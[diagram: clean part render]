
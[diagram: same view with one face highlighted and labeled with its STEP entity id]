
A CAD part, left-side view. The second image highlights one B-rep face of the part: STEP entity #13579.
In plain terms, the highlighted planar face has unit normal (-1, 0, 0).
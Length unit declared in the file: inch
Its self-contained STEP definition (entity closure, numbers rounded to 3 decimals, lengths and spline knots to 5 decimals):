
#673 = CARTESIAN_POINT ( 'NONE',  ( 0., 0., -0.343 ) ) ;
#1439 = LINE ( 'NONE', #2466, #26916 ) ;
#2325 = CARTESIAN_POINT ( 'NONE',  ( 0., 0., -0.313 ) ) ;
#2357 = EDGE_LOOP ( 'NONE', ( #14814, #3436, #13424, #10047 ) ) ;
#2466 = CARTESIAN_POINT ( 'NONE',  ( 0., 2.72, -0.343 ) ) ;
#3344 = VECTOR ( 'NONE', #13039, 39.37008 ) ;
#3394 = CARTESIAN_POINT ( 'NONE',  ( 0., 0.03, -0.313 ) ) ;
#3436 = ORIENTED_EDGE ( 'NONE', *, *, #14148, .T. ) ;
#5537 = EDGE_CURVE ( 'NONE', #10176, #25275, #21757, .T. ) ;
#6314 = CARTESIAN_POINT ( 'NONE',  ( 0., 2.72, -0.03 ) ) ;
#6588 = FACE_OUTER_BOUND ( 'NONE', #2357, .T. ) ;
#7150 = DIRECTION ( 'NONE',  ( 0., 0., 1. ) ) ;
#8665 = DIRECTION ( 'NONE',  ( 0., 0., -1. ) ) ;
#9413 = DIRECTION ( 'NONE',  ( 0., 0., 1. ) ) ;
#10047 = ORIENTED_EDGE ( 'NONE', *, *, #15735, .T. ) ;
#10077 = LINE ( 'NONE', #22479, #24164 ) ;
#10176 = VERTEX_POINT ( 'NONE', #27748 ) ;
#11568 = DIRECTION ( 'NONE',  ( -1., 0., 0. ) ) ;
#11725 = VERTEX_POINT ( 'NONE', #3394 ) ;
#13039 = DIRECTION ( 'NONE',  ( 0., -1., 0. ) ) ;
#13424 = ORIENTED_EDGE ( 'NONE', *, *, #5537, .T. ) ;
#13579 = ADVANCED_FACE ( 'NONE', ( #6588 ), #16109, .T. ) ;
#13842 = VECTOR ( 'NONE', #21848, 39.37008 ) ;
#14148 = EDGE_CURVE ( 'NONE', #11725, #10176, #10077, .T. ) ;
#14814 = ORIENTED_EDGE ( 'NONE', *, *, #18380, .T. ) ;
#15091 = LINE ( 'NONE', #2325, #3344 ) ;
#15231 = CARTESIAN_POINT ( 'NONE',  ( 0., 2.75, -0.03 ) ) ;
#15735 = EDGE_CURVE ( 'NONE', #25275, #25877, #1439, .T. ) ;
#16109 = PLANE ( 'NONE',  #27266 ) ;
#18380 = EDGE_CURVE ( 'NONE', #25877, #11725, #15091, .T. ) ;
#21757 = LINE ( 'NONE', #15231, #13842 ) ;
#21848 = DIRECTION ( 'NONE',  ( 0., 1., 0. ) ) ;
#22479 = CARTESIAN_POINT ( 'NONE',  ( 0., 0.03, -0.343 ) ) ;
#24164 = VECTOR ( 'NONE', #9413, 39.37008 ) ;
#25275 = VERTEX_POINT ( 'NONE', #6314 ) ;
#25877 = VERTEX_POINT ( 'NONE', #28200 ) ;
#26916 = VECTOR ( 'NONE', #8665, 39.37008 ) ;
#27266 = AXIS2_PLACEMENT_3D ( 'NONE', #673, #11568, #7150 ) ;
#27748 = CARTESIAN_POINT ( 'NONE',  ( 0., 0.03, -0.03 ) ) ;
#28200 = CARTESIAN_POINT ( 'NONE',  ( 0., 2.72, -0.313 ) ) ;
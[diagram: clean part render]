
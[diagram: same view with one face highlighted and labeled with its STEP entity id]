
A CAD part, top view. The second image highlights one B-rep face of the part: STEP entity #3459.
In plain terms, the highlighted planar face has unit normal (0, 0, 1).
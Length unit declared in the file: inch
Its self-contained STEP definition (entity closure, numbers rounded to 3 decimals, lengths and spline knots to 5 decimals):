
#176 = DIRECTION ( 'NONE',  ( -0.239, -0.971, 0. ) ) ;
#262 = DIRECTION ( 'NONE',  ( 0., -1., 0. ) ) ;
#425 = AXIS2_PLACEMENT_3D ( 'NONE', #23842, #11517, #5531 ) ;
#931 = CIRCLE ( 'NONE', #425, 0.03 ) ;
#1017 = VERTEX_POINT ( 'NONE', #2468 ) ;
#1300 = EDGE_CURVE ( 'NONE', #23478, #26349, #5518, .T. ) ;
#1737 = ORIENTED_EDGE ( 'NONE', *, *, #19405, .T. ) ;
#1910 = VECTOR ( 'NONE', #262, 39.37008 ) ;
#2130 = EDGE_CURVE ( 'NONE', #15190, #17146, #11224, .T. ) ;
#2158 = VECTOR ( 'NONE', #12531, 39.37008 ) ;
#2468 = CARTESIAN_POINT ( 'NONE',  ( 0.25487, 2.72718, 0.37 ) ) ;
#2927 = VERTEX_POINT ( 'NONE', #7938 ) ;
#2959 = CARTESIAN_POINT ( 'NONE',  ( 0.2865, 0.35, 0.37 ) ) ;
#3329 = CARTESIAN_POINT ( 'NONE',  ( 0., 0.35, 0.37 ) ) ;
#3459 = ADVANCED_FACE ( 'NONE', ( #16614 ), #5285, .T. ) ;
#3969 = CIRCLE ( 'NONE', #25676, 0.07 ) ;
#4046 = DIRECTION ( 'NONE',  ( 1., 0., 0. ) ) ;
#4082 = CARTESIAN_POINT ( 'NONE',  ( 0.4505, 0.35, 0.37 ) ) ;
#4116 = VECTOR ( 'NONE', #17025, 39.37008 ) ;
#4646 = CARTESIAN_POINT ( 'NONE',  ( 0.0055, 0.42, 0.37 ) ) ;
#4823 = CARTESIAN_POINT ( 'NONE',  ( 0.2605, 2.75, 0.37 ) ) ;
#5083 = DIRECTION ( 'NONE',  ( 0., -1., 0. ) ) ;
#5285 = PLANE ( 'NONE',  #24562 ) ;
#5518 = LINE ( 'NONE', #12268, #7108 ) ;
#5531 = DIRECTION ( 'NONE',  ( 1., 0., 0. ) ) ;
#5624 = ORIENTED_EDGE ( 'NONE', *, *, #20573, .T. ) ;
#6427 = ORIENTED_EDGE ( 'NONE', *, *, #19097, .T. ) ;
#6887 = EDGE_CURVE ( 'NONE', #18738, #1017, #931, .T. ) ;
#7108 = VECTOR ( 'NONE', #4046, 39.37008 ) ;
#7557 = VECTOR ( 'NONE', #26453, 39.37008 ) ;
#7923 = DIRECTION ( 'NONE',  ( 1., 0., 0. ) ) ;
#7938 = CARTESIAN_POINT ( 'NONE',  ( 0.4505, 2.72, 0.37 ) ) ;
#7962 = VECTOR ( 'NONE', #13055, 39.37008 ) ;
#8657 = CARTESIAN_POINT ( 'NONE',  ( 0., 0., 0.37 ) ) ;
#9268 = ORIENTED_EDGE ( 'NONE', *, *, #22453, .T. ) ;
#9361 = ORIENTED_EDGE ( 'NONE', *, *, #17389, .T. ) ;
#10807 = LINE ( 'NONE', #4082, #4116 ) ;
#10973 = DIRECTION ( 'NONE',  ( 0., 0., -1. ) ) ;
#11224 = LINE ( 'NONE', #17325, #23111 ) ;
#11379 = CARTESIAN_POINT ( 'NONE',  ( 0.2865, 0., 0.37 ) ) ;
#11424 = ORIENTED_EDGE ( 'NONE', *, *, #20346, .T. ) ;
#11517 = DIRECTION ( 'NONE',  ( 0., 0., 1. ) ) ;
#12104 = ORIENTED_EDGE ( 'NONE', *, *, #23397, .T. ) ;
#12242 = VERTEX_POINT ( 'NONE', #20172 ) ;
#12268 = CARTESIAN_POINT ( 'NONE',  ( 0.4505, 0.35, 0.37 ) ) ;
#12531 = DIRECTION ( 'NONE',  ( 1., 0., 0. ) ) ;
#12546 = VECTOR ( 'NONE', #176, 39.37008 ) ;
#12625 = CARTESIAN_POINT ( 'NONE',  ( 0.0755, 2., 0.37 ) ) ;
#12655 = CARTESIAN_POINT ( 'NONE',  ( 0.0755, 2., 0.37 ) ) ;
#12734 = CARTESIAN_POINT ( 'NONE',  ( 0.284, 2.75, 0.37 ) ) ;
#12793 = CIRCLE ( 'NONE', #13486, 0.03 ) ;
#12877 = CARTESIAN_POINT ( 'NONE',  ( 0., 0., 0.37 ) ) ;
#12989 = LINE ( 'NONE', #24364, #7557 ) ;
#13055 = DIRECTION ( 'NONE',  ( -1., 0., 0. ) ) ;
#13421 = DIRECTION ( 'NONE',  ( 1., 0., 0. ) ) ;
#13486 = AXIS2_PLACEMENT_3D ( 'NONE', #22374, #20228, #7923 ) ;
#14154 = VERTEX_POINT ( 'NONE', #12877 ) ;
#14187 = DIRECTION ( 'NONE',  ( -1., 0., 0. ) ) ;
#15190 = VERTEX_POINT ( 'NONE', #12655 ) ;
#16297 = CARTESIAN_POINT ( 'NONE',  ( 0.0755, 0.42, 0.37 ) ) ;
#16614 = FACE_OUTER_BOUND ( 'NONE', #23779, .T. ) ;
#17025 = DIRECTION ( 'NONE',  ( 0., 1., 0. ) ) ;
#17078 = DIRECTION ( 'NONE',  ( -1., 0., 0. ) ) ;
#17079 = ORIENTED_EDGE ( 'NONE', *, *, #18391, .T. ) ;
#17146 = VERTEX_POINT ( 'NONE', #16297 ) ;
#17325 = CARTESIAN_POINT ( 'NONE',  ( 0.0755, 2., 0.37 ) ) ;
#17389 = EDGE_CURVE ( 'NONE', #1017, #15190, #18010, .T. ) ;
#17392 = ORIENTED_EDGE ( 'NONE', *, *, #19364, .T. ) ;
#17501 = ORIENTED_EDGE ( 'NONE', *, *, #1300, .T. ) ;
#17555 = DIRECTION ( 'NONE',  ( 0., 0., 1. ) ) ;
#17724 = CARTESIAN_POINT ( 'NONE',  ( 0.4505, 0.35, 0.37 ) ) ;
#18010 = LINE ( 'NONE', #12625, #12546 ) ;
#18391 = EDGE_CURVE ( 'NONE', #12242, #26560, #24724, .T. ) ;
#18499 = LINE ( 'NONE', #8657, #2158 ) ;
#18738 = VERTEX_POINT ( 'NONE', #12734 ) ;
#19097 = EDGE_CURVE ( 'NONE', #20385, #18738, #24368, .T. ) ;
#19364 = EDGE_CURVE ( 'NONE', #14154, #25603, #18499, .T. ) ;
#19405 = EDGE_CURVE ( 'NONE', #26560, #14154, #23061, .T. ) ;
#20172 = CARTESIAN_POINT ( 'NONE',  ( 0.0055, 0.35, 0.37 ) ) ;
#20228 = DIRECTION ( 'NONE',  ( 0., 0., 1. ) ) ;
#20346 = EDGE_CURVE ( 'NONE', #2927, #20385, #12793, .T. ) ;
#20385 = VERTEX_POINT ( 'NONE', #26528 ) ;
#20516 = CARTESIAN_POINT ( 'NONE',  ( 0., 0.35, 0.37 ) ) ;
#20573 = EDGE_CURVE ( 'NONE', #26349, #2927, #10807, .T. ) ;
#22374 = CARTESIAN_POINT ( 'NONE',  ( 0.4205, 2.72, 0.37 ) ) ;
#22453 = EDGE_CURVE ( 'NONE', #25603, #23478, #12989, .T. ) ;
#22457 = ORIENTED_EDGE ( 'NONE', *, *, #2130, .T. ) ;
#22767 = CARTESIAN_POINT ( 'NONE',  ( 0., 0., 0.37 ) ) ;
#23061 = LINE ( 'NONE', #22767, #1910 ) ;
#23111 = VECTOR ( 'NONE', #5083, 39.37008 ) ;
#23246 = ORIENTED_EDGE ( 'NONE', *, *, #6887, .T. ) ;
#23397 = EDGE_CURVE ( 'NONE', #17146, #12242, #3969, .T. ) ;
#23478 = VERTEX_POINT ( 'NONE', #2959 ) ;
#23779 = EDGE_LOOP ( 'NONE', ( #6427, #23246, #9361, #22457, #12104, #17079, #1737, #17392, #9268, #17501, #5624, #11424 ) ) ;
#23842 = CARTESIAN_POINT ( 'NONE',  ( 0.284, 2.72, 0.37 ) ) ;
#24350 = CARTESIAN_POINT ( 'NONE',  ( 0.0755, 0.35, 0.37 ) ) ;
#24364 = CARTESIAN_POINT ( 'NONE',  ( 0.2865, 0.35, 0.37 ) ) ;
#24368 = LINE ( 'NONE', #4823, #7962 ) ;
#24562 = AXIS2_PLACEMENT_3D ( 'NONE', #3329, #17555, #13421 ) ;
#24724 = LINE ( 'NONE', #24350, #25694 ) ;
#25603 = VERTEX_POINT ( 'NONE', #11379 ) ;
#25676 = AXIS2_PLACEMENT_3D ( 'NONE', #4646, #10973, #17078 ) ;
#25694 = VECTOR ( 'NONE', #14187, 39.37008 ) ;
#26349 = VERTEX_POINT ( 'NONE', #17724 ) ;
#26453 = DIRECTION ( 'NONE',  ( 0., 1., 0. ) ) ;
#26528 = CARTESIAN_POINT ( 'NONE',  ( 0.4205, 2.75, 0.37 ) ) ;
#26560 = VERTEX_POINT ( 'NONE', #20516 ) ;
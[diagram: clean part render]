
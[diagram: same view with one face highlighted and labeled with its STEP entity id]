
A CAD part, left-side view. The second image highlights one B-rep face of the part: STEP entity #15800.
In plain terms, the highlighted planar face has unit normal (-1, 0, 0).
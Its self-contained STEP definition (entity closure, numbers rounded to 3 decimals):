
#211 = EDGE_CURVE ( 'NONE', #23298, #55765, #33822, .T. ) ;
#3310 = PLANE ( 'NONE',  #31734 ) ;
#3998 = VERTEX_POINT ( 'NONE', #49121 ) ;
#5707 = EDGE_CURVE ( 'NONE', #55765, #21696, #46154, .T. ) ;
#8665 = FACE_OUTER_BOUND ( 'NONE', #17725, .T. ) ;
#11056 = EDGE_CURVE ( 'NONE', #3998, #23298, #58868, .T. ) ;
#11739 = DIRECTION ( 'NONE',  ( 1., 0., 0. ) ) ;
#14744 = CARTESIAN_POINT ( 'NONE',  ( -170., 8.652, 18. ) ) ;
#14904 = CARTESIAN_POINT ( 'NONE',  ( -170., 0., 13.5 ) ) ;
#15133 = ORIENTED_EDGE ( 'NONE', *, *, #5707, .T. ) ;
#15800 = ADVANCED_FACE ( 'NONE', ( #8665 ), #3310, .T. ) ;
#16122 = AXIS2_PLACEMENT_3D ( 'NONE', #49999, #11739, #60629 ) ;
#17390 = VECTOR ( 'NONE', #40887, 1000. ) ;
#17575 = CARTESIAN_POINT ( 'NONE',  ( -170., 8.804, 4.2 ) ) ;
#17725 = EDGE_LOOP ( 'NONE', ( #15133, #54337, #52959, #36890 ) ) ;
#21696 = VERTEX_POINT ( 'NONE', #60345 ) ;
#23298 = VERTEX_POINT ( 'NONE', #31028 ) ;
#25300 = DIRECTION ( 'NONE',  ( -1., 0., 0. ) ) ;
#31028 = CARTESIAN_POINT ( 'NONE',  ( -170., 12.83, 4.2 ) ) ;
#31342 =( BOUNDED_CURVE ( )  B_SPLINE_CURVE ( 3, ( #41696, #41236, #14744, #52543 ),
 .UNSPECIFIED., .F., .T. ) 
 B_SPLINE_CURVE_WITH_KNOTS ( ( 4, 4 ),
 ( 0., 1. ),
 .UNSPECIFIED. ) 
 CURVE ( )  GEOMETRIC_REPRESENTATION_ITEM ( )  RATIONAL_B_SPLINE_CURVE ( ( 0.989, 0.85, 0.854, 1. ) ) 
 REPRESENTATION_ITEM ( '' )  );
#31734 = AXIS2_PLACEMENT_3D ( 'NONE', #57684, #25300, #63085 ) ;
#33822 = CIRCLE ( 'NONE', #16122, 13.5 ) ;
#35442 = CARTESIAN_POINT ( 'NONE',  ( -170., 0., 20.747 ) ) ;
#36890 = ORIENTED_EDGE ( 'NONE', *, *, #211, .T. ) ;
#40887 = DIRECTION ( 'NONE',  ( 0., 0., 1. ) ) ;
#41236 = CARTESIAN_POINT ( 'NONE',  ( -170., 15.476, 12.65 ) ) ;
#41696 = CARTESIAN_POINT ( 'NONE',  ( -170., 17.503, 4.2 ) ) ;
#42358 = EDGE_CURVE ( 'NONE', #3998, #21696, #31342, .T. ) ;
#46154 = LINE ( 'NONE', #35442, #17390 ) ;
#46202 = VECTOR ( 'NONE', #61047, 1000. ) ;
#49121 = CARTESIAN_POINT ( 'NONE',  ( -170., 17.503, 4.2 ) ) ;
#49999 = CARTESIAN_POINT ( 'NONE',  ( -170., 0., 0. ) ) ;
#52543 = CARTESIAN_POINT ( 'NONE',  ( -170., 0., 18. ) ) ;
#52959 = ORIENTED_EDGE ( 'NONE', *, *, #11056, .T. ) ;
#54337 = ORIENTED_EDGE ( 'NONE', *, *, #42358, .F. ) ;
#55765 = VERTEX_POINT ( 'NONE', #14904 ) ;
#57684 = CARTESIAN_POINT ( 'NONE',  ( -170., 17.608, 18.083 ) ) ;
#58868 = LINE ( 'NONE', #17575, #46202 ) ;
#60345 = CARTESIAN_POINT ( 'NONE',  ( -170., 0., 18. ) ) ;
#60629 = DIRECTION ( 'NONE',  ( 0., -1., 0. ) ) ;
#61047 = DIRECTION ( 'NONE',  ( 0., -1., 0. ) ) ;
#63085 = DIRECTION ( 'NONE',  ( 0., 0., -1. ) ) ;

> **EXERCISE GOAL**:
Each line of the records with the word "side" in it is to be copied.

> **EXERCISE SOLUTION**:
A CAD part, left-side view. The second image highlights one B-rep face of the part: STEP entity #13579.
A CAD part, left-side view. The second image highlights one B-rep face of the part: STEP entity #15800.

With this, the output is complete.